Bibliodiversité
par L.L.de Mars
Jean-Louis Gauthey (Cornélius), nous a habitués à plus de sagacité et de rigueur au cours de sa longue et pugnace pratique éditoriale : contrairement à ce qu’il a pu laisser comprendre dans sa sommaire présentation aux États Généraux de la Bande Dessinée (1), le monde des éditeurs appelés ce jour-là, par commodité, alternatifs (il parlait au nom du tout jeune Syndicat des Éditeurs Alternatifs) n’est pas celui où s’est inventé un nouveau format de livres de 4 centimètres de moins en noir et blanc avec quelques pages de plus. Ce n’est pas par ses placements de niche, par ses propositions de designers bio, que l’éditeur dit « alternatif » se distingue des éditeurs industriels. La niche, d’un point de vue éditorial, c’est encore de la sectorisation marchande et de la discrétisation en seule vue de conditionner, encore, de la valeur ; de proroger la superposition sans reste de l’argent à la valeur.
Ce monde des éditeurs dits alternatifs est celui où tout s’invente de la bande dessinée, absolument tout ; le tout de ses formes de récits, de ses écritures, du dessin, comme le tout de ses formes éditoriales, de la prise en main aux modalités de consultation d’un récit, ce tout où chaque propriété tactile ou opératoire du livre est la source d’une problématisation possible. C’est ce tout, découpé en signes perceptifs possiblement reconductibles par la marchandisation — dès qu’ils ont fait les preuves d’un potentiel marqueur de niche — qui sera dévoyé, mal compris (puisque détaché de sa cause problématique), mal copié, par ces éternels marchands de bibelots que sont les éditeurs industriels. Ce monde des éditeurs dit alternatifs qui ouvre sa généalogie par le fanzinat, est le seul endroit où quelque chose comme de l’imagination est au travail. Ailleurs, la seule chose qui s’imagine est une nouvelle forme possible de business-plan qui n’est jamais qu’une vieille forme possible de business-plan avec de nouvelles formes d’intimidation.
Il n’y a aucune sorte de chose qu’on pourrait appeler écosystème (cette angélique image d’homéostasie sans conflits réels appelée dans l’intervention de J.-L.G. bibliodiversité et déjà commentée plus haut p 33. in Arty), parce qu’il n’y a rien là-dedans qui ressemble à un état de nature, et moins encore quoi que ce soit qui ressemble à un équilibre.
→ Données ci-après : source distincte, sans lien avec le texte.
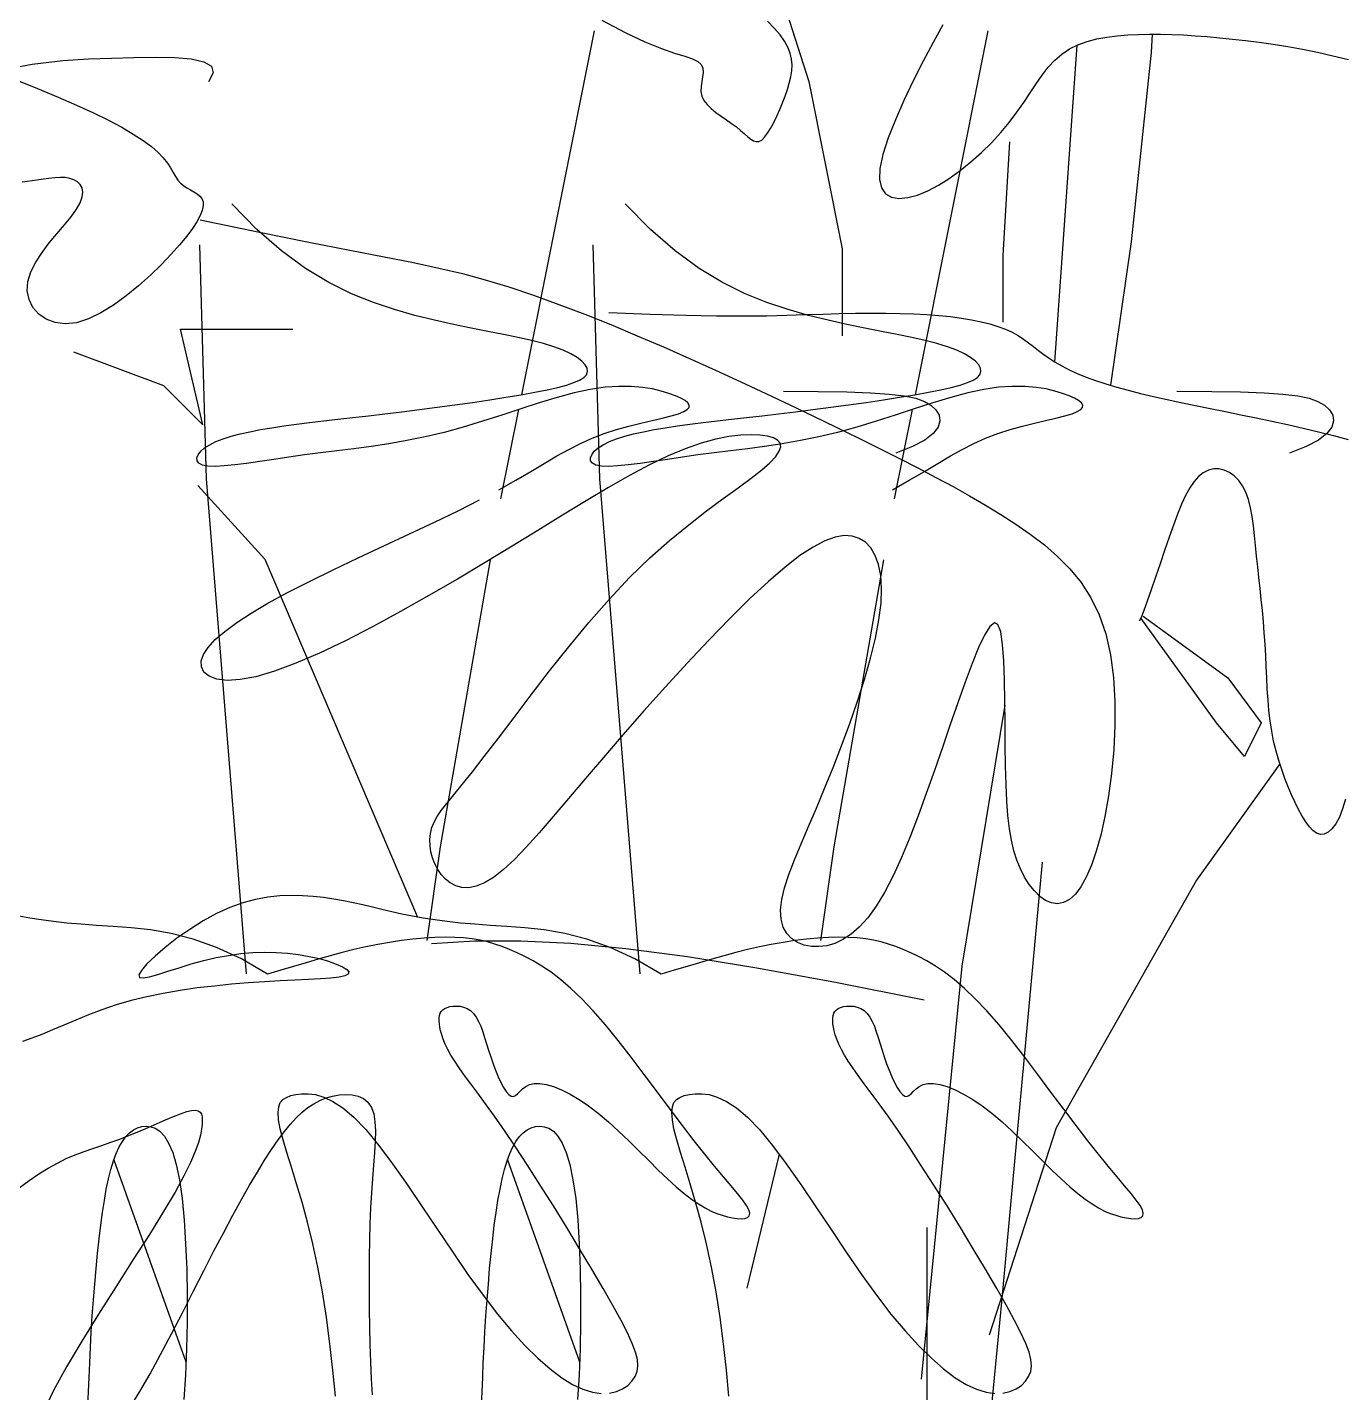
# Model space of a CAD drawing. Extents: x 708 to 987, y 826 to 1497.
# Drawn here: x 796.1 to 897.5, y 1241.3 to 1346.4 of the extents above; entities that cross this region are included whole.
import ezdxf

# ---------------------------------------------------------------- set-up
doc = ezdxf.new("R2010")
doc.units = 0
doc.header["$LTSCALE"] = 0.9
doc.header["$MEASUREMENT"] = 0
doc.layers.add('3', color=3, linetype='CONTINUOUS')
doc.layers.add('7', color=7, linetype='CONTINUOUS')

msp = doc.modelspace()

# ---------------------------------------------------------------- linework, layer by layer
at = {"layer": '3'}
for points in [[(840.32, 1346.96), (842.13, 1345.99), (843.65, 1345.28), (844.92, 1344.77), (845.93, 1344.42), (846.73, 1344.17), (847.32, 1343.98), (847.73, 1343.78), (847.98, 1343.54), (848.1, 1343.25), (848.13, 1342.93), (848.09, 1342.58), (848.03, 1342.22), (847.98, 1341.84), (847.96, 1341.47), (848.02, 1341.11), (848.18, 1340.77), (848.43, 1340.45), (848.74, 1340.14), (849.11, 1339.84), (849.51, 1339.56), (849.92, 1339.28), (850.32, 1339), (850.69, 1338.73), (851.02, 1338.46), (851.31, 1338.21), (851.57, 1337.98), (851.8, 1337.8), (852.02, 1337.66), (852.22, 1337.6), (852.43, 1337.61), (852.64, 1337.72), (852.86, 1337.94), (853.09, 1338.24), (853.33, 1338.62), (853.57, 1339.07), (853.8, 1339.55), (854.03, 1340.07), (854.25, 1340.59), (854.44, 1341.11), (854.62, 1341.62), (854.77, 1342.1), (854.89, 1342.58), (854.96, 1343.04), (854.98, 1343.5), (854.94, 1343.95), (854.84, 1344.4), (854.66, 1344.86), (854.4, 1345.33), (854.06, 1345.81), (853.63, 1346.32), (853.1, 1346.87)], [(866.58, 1346.58), (865.85, 1345.23), (865.08, 1343.79), (864.32, 1342.28), (863.59, 1340.76), (862.94, 1339.28), (862.39, 1337.89), (861.98, 1336.62), (861.75, 1335.54), (861.71, 1334.68), (861.86, 1334.04), (862.18, 1333.59), (862.64, 1333.33), (863.21, 1333.23), (863.89, 1333.29), (864.63, 1333.49), (865.43, 1333.81), (866.25, 1334.24), (867.09, 1334.77), (867.93, 1335.37), (868.76, 1336.04), (869.56, 1336.76), (870.33, 1337.51), (871.05, 1338.29), (871.71, 1339.08), (872.3, 1339.86), (872.83, 1340.62), (873.32, 1341.36), (873.78, 1342.06), (874.24, 1342.72), (874.71, 1343.33), (875.21, 1343.87), (875.75, 1344.34), (876.35, 1344.73), (877, 1345.05), (877.7, 1345.31), (878.44, 1345.5), (879.21, 1345.65), (880.01, 1345.75), (880.83, 1345.82), (881.67, 1345.85), (882.51, 1345.87), (883.36, 1345.87), (884.23, 1345.85), (885.12, 1345.81), (886.02, 1345.75), (886.95, 1345.68), (887.9, 1345.6), (888.89, 1345.49), (889.91, 1345.38), (890.96, 1345.25), (892.04, 1345.09), (893.15, 1344.92), (894.28, 1344.71), (895.44, 1344.48), (896.63, 1344.21), (897.84, 1343.91)], [(772.8, 1336.57), (779.73, 1339), (785.38, 1340.82), (789.94, 1342.13), (793.57, 1343.02), (796.47, 1343.56), (798.82, 1343.85), (800.79, 1343.98), (802.57, 1344.03), (804.3, 1344.07), (805.95, 1344.09), (807.44, 1344.07), (808.7, 1343.96), (809.67, 1343.75), (810.26, 1343.41), (810.41, 1342.9), (810.04, 1342.19)], [(795.15, 1342.39), (796.88, 1341.69), (798.45, 1341.03), (799.88, 1340.4), (801.17, 1339.81), (802.33, 1339.24), (803.36, 1338.7), (804.25, 1338.18), (805.01, 1337.69), (805.65, 1337.22), (806.15, 1336.77), (806.56, 1336.34), (806.87, 1335.94), (807.12, 1335.57), (807.32, 1335.23), (807.5, 1334.92), (807.69, 1334.64), (807.89, 1334.41), (808.12, 1334.21), (808.38, 1334.04), (808.65, 1333.89), (808.91, 1333.74), (809.16, 1333.59), (809.37, 1333.41), (809.53, 1333.21), (809.62, 1332.96), (809.63, 1332.67), (809.56, 1332.31), (809.4, 1331.9), (809.15, 1331.43), (808.8, 1330.9), (808.36, 1330.31), (807.81, 1329.65), (807.16, 1328.93), (806.41, 1328.14), (805.57, 1327.32), (804.66, 1326.51), (803.71, 1325.73), (802.73, 1325.02), (801.75, 1324.42), (800.79, 1323.95), (799.87, 1323.66), (799.01, 1323.58), (798.23, 1323.67), (797.54, 1323.93), (796.97, 1324.33), (796.52, 1324.84), (796.22, 1325.45), (796.08, 1326.12), (796.12, 1326.84), (796.35, 1327.57), (796.73, 1328.32), (797.22, 1329.07), (797.78, 1329.8), (798.37, 1330.51), (798.94, 1331.19), (799.46, 1331.82), (799.87, 1332.39), (800.16, 1332.9), (800.31, 1333.34), (800.35, 1333.72), (800.3, 1334.04), (800.16, 1334.3), (799.94, 1334.51), (799.68, 1334.66), (799.37, 1334.77), (799.03, 1334.83), (798.65, 1334.84), (798.21, 1334.82), (797.72, 1334.77), (797.14, 1334.69), (796.47, 1334.58), (795.7, 1334.47)], [(832.4, 1310.8), (833.7, 1311.53), (834.86, 1312.21), (835.9, 1312.83), (836.87, 1313.4), (837.78, 1313.91), (838.68, 1314.37), (839.58, 1314.78), (840.52, 1315.13), (841.47, 1315.44), (842.42, 1315.7), (843.34, 1315.93), (844.2, 1316.14), (844.98, 1316.32), (845.67, 1316.49), (846.23, 1316.65), (846.64, 1316.82), (846.91, 1316.98), (847.05, 1317.14), (847.06, 1317.31), (846.96, 1317.48), (846.74, 1317.66), (846.42, 1317.84), (846.01, 1318.02), (845.5, 1318.21), (844.91, 1318.4), (844.23, 1318.56), (843.46, 1318.68), (842.59, 1318.76), (841.63, 1318.76), (840.58, 1318.69), (839.44, 1318.53), (838.2, 1318.26), (836.89, 1317.91), (835.51, 1317.49), (834.08, 1317.03), (832.62, 1316.55), (831.14, 1316.07), (829.65, 1315.62), (828.18, 1315.21), (826.73, 1314.87), (825.31, 1314.58), (823.92, 1314.33), (822.56, 1314.13), (821.23, 1313.95), (819.93, 1313.79), (818.66, 1313.64), (817.42, 1313.48), (816.22, 1313.31), (815.07, 1313.14), (813.99, 1312.98), (812.97, 1312.83), (812.06, 1312.71), (811.24, 1312.63), (810.55, 1312.59), (809.99, 1312.62), (809.57, 1312.7), (809.3, 1312.84), (809.16, 1313.03), (809.14, 1313.26), (809.24, 1313.5), (809.44, 1313.76), (809.74, 1314.02), (810.13, 1314.27), (810.61, 1314.51), (811.16, 1314.72), (811.78, 1314.92), (812.47, 1315.1), (813.22, 1315.27), (814.04, 1315.43), (814.91, 1315.58), (815.84, 1315.72), (816.81, 1315.85), (817.82, 1315.98), (818.89, 1316.1), (820, 1316.23), (821.16, 1316.36), (822.37, 1316.5), (823.63, 1316.64), (824.93, 1316.8), (826.28, 1316.97), (827.65, 1317.15), (829.02, 1317.33), (830.38, 1317.53), (831.7, 1317.73), (832.95, 1317.92), (834.12, 1318.12), (835.18, 1318.31), (836.12, 1318.5), (836.93, 1318.68), (837.61, 1318.86), (838.18, 1319.05), (838.62, 1319.24), (838.94, 1319.45), (839.14, 1319.66), (839.22, 1319.9), (839.19, 1320.15), (839.05, 1320.42), (838.79, 1320.7), (838.42, 1320.98), (837.94, 1321.26), (837.35, 1321.54), (836.64, 1321.81), (835.83, 1322.06), (834.91, 1322.3), (833.89, 1322.52), (832.77, 1322.75), (831.56, 1322.98), (830.27, 1323.24), (828.9, 1323.52), (827.45, 1323.85), (825.94, 1324.22), (824.37, 1324.67), (822.74, 1325.21), (821.05, 1325.89), (819.3, 1326.76), (817.51, 1327.84), (815.66, 1329.19), (813.77, 1330.84), (811.83, 1332.82)], [(862.71, 1310.8), (864.01, 1311.53), (865.17, 1312.21), (866.21, 1312.83), (867.18, 1313.4), (868.09, 1313.91), (868.99, 1314.37), (869.89, 1314.78), (870.83, 1315.13), (871.79, 1315.44), (872.73, 1315.7), (873.65, 1315.93), (874.51, 1316.14), (875.3, 1316.32), (875.98, 1316.49), (876.54, 1316.65), (876.95, 1316.82), (877.22, 1316.98), (877.36, 1317.14), (877.38, 1317.31), (877.27, 1317.48), (877.05, 1317.66), (876.73, 1317.84), (876.32, 1318.02), (875.82, 1318.21), (875.22, 1318.4), (874.54, 1318.56), (873.77, 1318.68), (872.9, 1318.76), (871.94, 1318.76), (870.89, 1318.69), (869.75, 1318.53), (868.51, 1318.26), (867.2, 1317.91), (865.82, 1317.49), (864.39, 1317.03), (862.93, 1316.55), (861.45, 1316.07), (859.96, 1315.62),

C’est simplement la guerre éternelle des expressions minoritaires qui rendent ce monde intéressant contre les machines aplatissantes majoritaires qui rendent ce monde mort.
Il n’y a rien à gagner à essayer de s’imaginer vivre harmonieusement à côté de ces saloperies dont nous perdons trop de temps à parer les coups perfides et surpuissants. Nous sommes leurs ennemis acharnés et rien ne nous réjouirait plus que de les voir crever. Mais comme il n’est pas possible pour David de s’affronter à une dizaine de Goliaths en même temps, gardons au moins les yeux assez ouverts pour nous en méfier et ne jamais prendre le risque, sur aucun point, de leur ressembler.